86
$\begingroup$

Integration by parts comes up a lot - for instance, it appears in the definition of a weak derivative / distributional derivative, or as a tool that one can use to turn information about higher derivatives of a function into information about an integral of that function. Concrete examples of this latter category include: proving that $f \in C^2(S^1)$ implies that the Fourier series of $f$ converges absolutely and uniformly, and the Taylor series expansion with the integral formula for remainder.

However, I don't feel like I really understand what integration by parts is really doing. To me, it is just an algebraic trick that follows from the fundamental theorem of calculus and the product rule. Is there some more conceptual way to think about it?

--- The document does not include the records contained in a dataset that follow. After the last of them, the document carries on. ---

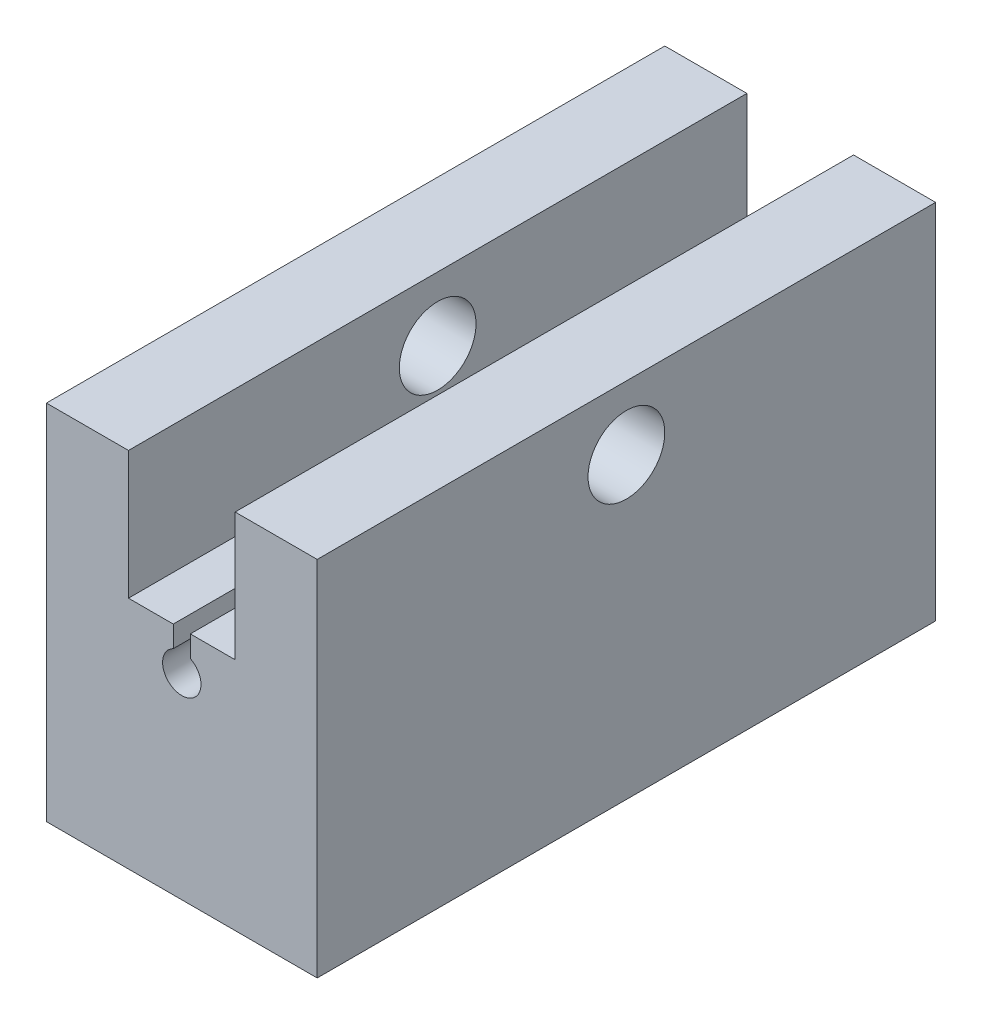
ISO-10303-21;
HEADER;
FILE_DESCRIPTION(('STEP AP214'),'2;1');
FILE_NAME('part.step','',(''),(''),'','','');
FILE_SCHEMA(('AUTOMOTIVE_DESIGN { 1 0 10303 214 1 1 1 1 }'));
ENDSEC;
DATA;
#1=APPLICATION_CONTEXT('core data for automotive mechanical design processes');
#2=APPLICATION_PROTOCOL_DEFINITION('international standard','automotive_design',2000,#1);
#3=PRODUCT_CONTEXT('',#1,'mechanical');
#4=PRODUCT('Part','Part','',(#3));
#5=PRODUCT_RELATED_PRODUCT_CATEGORY('part','',(#4));
#6=PRODUCT_DEFINITION_FORMATION('','',#4);
#7=PRODUCT_DEFINITION_CONTEXT('part definition',#1,'design');
#8=PRODUCT_DEFINITION('design','',#6,#7);
#9=PRODUCT_DEFINITION_SHAPE('','',#8);
#10=(LENGTH_UNIT() NAMED_UNIT(*) SI_UNIT(.MILLI.,.METRE.));
#11=(NAMED_UNIT(*) PLANE_ANGLE_UNIT() SI_UNIT($,.RADIAN.));
#12=(NAMED_UNIT(*) SI_UNIT($,.STERADIAN.) SOLID_ANGLE_UNIT());
#13=UNCERTAINTY_MEASURE_WITH_UNIT(LENGTH_MEASURE(1.E-05),#10,'distance_accuracy_value','');
#14=(GEOMETRIC_REPRESENTATION_CONTEXT(3) GLOBAL_UNCERTAINTY_ASSIGNED_CONTEXT((#13)) GLOBAL_UNIT_ASSIGNED_CONTEXT((#10,
#11,#12)) REPRESENTATION_CONTEXT('',''));
#15=CARTESIAN_POINT('',(0.,0.,0.));
#16=DIRECTION('',(0.,0.,1.));
#17=DIRECTION('',(1.,0.,0.));
#18=AXIS2_PLACEMENT_3D('',#15,#16,#17);
#19=CARTESIAN_POINT('',(37.0257233003559,17.,-14.5));
#20=DIRECTION('',(0.,1.,0.));
#21=DIRECTION('',(0.,0.,1.));
#22=AXIS2_PLACEMENT_3D('',#19,#20,#21);
#23=PLANE('',#22);
#24=DIRECTION('',(0.,0.,-1.));
#25=VECTOR('',#24,1.);
#26=CARTESIAN_POINT('',(2.5,17.,14.5));
#27=LINE('',#26,#25);
#28=CARTESIAN_POINT('',(2.5,17.,14.5));
#29=VERTEX_POINT('',#28);
#30=CARTESIAN_POINT('',(2.5,17.,-14.5));
#31=VERTEX_POINT('',#30);
#32=EDGE_CURVE('E212',#29,#31,#27,.T.);
#33=ORIENTED_EDGE('',*,*,#32,.F.);
#34=DIRECTION('',(-1.,0.,0.));
#35=VECTOR('',#34,1.);
#36=CARTESIAN_POINT('',(37.0257233003559,17.,14.5));
#37=LINE('',#36,#35);
#38=CARTESIAN_POINT('',(6.35,17.,14.5));
#39=VERTEX_POINT('',#38);
#40=EDGE_CURVE('E243',#39,#29,#37,.T.);
#41=ORIENTED_EDGE('',*,*,#40,.F.);
#42=DIRECTION('',(0.,0.,1.));
#43=VECTOR('',#42,1.);
#44=CARTESIAN_POINT('',(6.35,17.,-14.5));
#45=LINE('',#44,#43);
#46=CARTESIAN_POINT('',(6.35,17.,-14.5));
#47=VERTEX_POINT('',#46);
#48=EDGE_CURVE('E229',#47,#39,#45,.T.);
#49=ORIENTED_EDGE('',*,*,#48,.F.);
#50=DIRECTION('',(-1.,0.,0.));
#51=VECTOR('',#50,1.);
#52=CARTESIAN_POINT('',(37.0257233003559,17.,-14.5));
#53=LINE('',#52,#51);
#54=EDGE_CURVE('E234',#47,#31,#53,.T.);
#55=ORIENTED_EDGE('',*,*,#54,.T.);
#56=EDGE_LOOP('',(#33,#41,#49,#55));
#57=FACE_BOUND('',#56,.T.);
#58=ADVANCED_FACE('F45',(#57),#23,.T.);
#59=CARTESIAN_POINT('',(6.35,7.,14.5));
#60=DIRECTION('',(-1.,0.,0.));
#61=DIRECTION('',(0.,0.,1.));
#62=AXIS2_PLACEMENT_3D('',#59,#60,#61);
#63=PLANE('',#62);
#64=CARTESIAN_POINT('',(6.35,14.,0.));
#65=DIRECTION('',(-1.,0.,0.));
#66=DIRECTION('',(0.,0.,1.));
#67=AXIS2_PLACEMENT_3D('',#64,#65,#66);
#68=CIRCLE('',#67,1.8);
#69=CARTESIAN_POINT('',(6.35,14.,1.8));
#70=VERTEX_POINT('',#69);
#71=EDGE_CURVE('E395',#70,#70,#68,.T.);
#72=ORIENTED_EDGE('',*,*,#71,.T.);
#73=EDGE_LOOP('',(#72));
#74=FACE_BOUND('',#73,.T.);
#75=DIRECTION('',(0.,0.,-1.));
#76=VECTOR('',#75,1.);
#77=CARTESIAN_POINT('',(6.35,0.,14.5));
#78=LINE('',#77,#76);
#79=CARTESIAN_POINT('',(6.35,0.,14.5));
#80=VERTEX_POINT('',#79);
#81=CARTESIAN_POINT('',(6.35,0.,-14.5));
#82=VERTEX_POINT('',#81);
#83=EDGE_CURVE('E269',#80,#82,#78,.T.);
#84=ORIENTED_EDGE('',*,*,#83,.T.);
#85=DIRECTION('',(0.,-1.,0.));
#86=VECTOR('',#85,1.);
#87=CARTESIAN_POINT('',(6.35,7.,-14.5));
#88=LINE('',#87,#86);
#89=EDGE_CURVE('E11',#47,#82,#88,.T.);
#90=ORIENTED_EDGE('',*,*,#89,.F.);
#91=ORIENTED_EDGE('',*,*,#48,.T.);
#92=DIRECTION('',(0.,-1.,0.));
#93=VECTOR('',#92,1.);
#94=CARTESIAN_POINT('',(6.35,7.,14.5));
#95=LINE('',#94,#93);
#96=EDGE_CURVE('E281',#39,#80,#95,.T.);
#97=ORIENTED_EDGE('',*,*,#96,.T.);
#98=EDGE_LOOP('',(#84,#90,#91,#97));
#99=FACE_BOUND('',#98,.T.);
#100=ADVANCED_FACE('F301',(#74,#99),#63,.F.);
#101=CARTESIAN_POINT('',(-6.35,7.,-14.5));
#102=DIRECTION('',(0.,0.,1.));
#103=DIRECTION('',(1.,0.,0.));
#104=AXIS2_PLACEMENT_3D('',#101,#102,#103);
#105=PLANE('',#104);
#106=DIRECTION('',(-1.,0.,0.));
#107=VECTOR('',#106,1.);
#108=CARTESIAN_POINT('',(0.4,11.,-14.5));
#109=LINE('',#108,#107);
#110=CARTESIAN_POINT('',(2.5,11.,-14.5));
#111=VERTEX_POINT('',#110);
#112=CARTESIAN_POINT('',(0.4,11.,-14.5));
#113=VERTEX_POINT('',#112);
#114=EDGE_CURVE('E145',#111,#113,#109,.T.);
#115=ORIENTED_EDGE('',*,*,#114,.F.);
#116=DIRECTION('',(0.,-1.,0.));
#117=VECTOR('',#116,1.);
#118=CARTESIAN_POINT('',(2.5,11.,-14.5));
#119=LINE('',#118,#117);
#120=EDGE_CURVE('E164',#31,#111,#119,.T.);
#121=ORIENTED_EDGE('',*,*,#120,.F.);
#122=ORIENTED_EDGE('',*,*,#54,.F.);
#123=ORIENTED_EDGE('',*,*,#89,.T.);
#124=DIRECTION('',(-1.,0.,0.));
#125=VECTOR('',#124,1.);
#126=CARTESIAN_POINT('',(-6.35,0.,-14.5));
#127=LINE('',#126,#125);
#128=CARTESIAN_POINT('',(-6.35,0.,-14.5));
#129=VERTEX_POINT('',#128);
#130=EDGE_CURVE('E273',#82,#129,#127,.T.);
#131=ORIENTED_EDGE('',*,*,#130,.T.);
#132=DIRECTION('',(0.,-1.,0.));
#133=VECTOR('',#132,1.);
#134=CARTESIAN_POINT('',(-6.35,7.,-14.5));
#135=LINE('',#134,#133);
#136=CARTESIAN_POINT('',(-6.35,17.,-14.5));
#137=VERTEX_POINT('',#136);
#138=EDGE_CURVE('E56',#137,#129,#135,.T.);
#139=ORIENTED_EDGE('',*,*,#138,.F.);
#140=CARTESIAN_POINT('',(-2.5,17.,-14.5));
#141=VERTEX_POINT('',#140);
#142=EDGE_CURVE('E242',#141,#137,#53,.T.);
#143=ORIENTED_EDGE('',*,*,#142,.F.);
#144=DIRECTION('',(0.,1.,0.));
#145=VECTOR('',#144,1.);
#146=CARTESIAN_POINT('',(-2.5,17.,-14.5));
#147=LINE('',#146,#145);
#148=CARTESIAN_POINT('',(-2.5,11.,-14.5));
#149=VERTEX_POINT('',#148);
#150=EDGE_CURVE('E63',#149,#141,#147,.T.);
#151=ORIENTED_EDGE('',*,*,#150,.F.);
#152=DIRECTION('',(-1.,0.,0.));
#153=VECTOR('',#152,1.);
#154=CARTESIAN_POINT('',(-2.5,11.,-14.5));
#155=LINE('',#154,#153);
#156=CARTESIAN_POINT('',(-0.4,11.,-14.5));
#157=VERTEX_POINT('',#156);
#158=EDGE_CURVE('E202',#157,#149,#155,.T.);
#159=ORIENTED_EDGE('',*,*,#158,.F.);
#160=DIRECTION('',(0.,1.,0.));
#161=VECTOR('',#160,1.);
#162=CARTESIAN_POINT('',(-0.4,11.,-14.5));
#163=LINE('',#162,#161);
#164=CARTESIAN_POINT('',(-0.4,10.,-14.5));
#165=VERTEX_POINT('',#164);
#166=EDGE_CURVE('E198',#165,#157,#163,.T.);
#167=ORIENTED_EDGE('',*,*,#166,.F.);
#168=CARTESIAN_POINT('',(0.,9.19377422517015,-14.5));
#169=DIRECTION('',(0.,0.,-1.));
#170=DIRECTION('',(-1.,0.,0.));
#171=AXIS2_PLACEMENT_3D('',#168,#169,#170);
#172=CIRCLE('',#171,0.9);
#173=CARTESIAN_POINT('',(0.4,10.,-14.5));
#174=VERTEX_POINT('',#173);
#175=EDGE_CURVE('E194',#174,#165,#172,.T.);
#176=ORIENTED_EDGE('',*,*,#175,.F.);
#177=DIRECTION('',(0.,-1.,0.));
#178=VECTOR('',#177,1.);
#179=CARTESIAN_POINT('',(0.4,11.,-14.5));
#180=LINE('',#179,#178);
#181=EDGE_CURVE('E191',#113,#174,#180,.T.);
#182=ORIENTED_EDGE('',*,*,#181,.F.);
#183=EDGE_LOOP('',(#115,#121,#122,#123,#131,#139,#143,#151,#159,#167,#176,#182));
#184=FACE_BOUND('',#183,.T.);
#185=ADVANCED_FACE('F310',(#184),#105,.F.);
#186=CARTESIAN_POINT('',(-6.35,7.,14.5));
#187=DIRECTION('',(1.,0.,0.));
#188=DIRECTION('',(0.,0.,-1.));
#189=AXIS2_PLACEMENT_3D('',#186,#187,#188);
#190=PLANE('',#189);
#191=CARTESIAN_POINT('',(-6.35,14.,0.));
#192=DIRECTION('',(-1.,0.,0.));
#193=DIRECTION('',(0.,0.,1.));
#194=AXIS2_PLACEMENT_3D('',#191,#192,#193);
#195=CIRCLE('',#194,1.8);
#196=CARTESIAN_POINT('',(-6.35,14.,1.8));
#197=VERTEX_POINT('',#196);
#198=EDGE_CURVE('E393',#197,#197,#195,.T.);
#199=ORIENTED_EDGE('',*,*,#198,.F.);
#200=EDGE_LOOP('',(#199));
#201=FACE_BOUND('',#200,.T.);
#202=DIRECTION('',(0.,0.,1.));
#203=VECTOR('',#202,1.);
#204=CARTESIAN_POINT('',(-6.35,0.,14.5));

How do you think about this useful idea?

$\endgroup$
3
  • 48
    $\begingroup$ It is the product rule. $\endgroup$ Commented Jun 9, 2014 at 7:13
  • 8
    $\begingroup$ And integral substitution corresponds to differentiation's chain rule. Same idea. $\endgroup$
    – mvw
    Commented Jun 9, 2014 at 13:26
  • 2
    $\begingroup$ It's simply an expression that's obtained by integrating the product rule for differentiation and rearranging the result. That's why the same conditions for differentiablity of a real valued map on an interval need to apply when IBP is valid.Why make something simple difficult-isn't analysis hard enough for you?lol $\endgroup$ Commented Jul 16, 2016 at 20:11

8 Answers 8

112
$\begingroup$

I've always found it helpful to think about it like this: (picture source)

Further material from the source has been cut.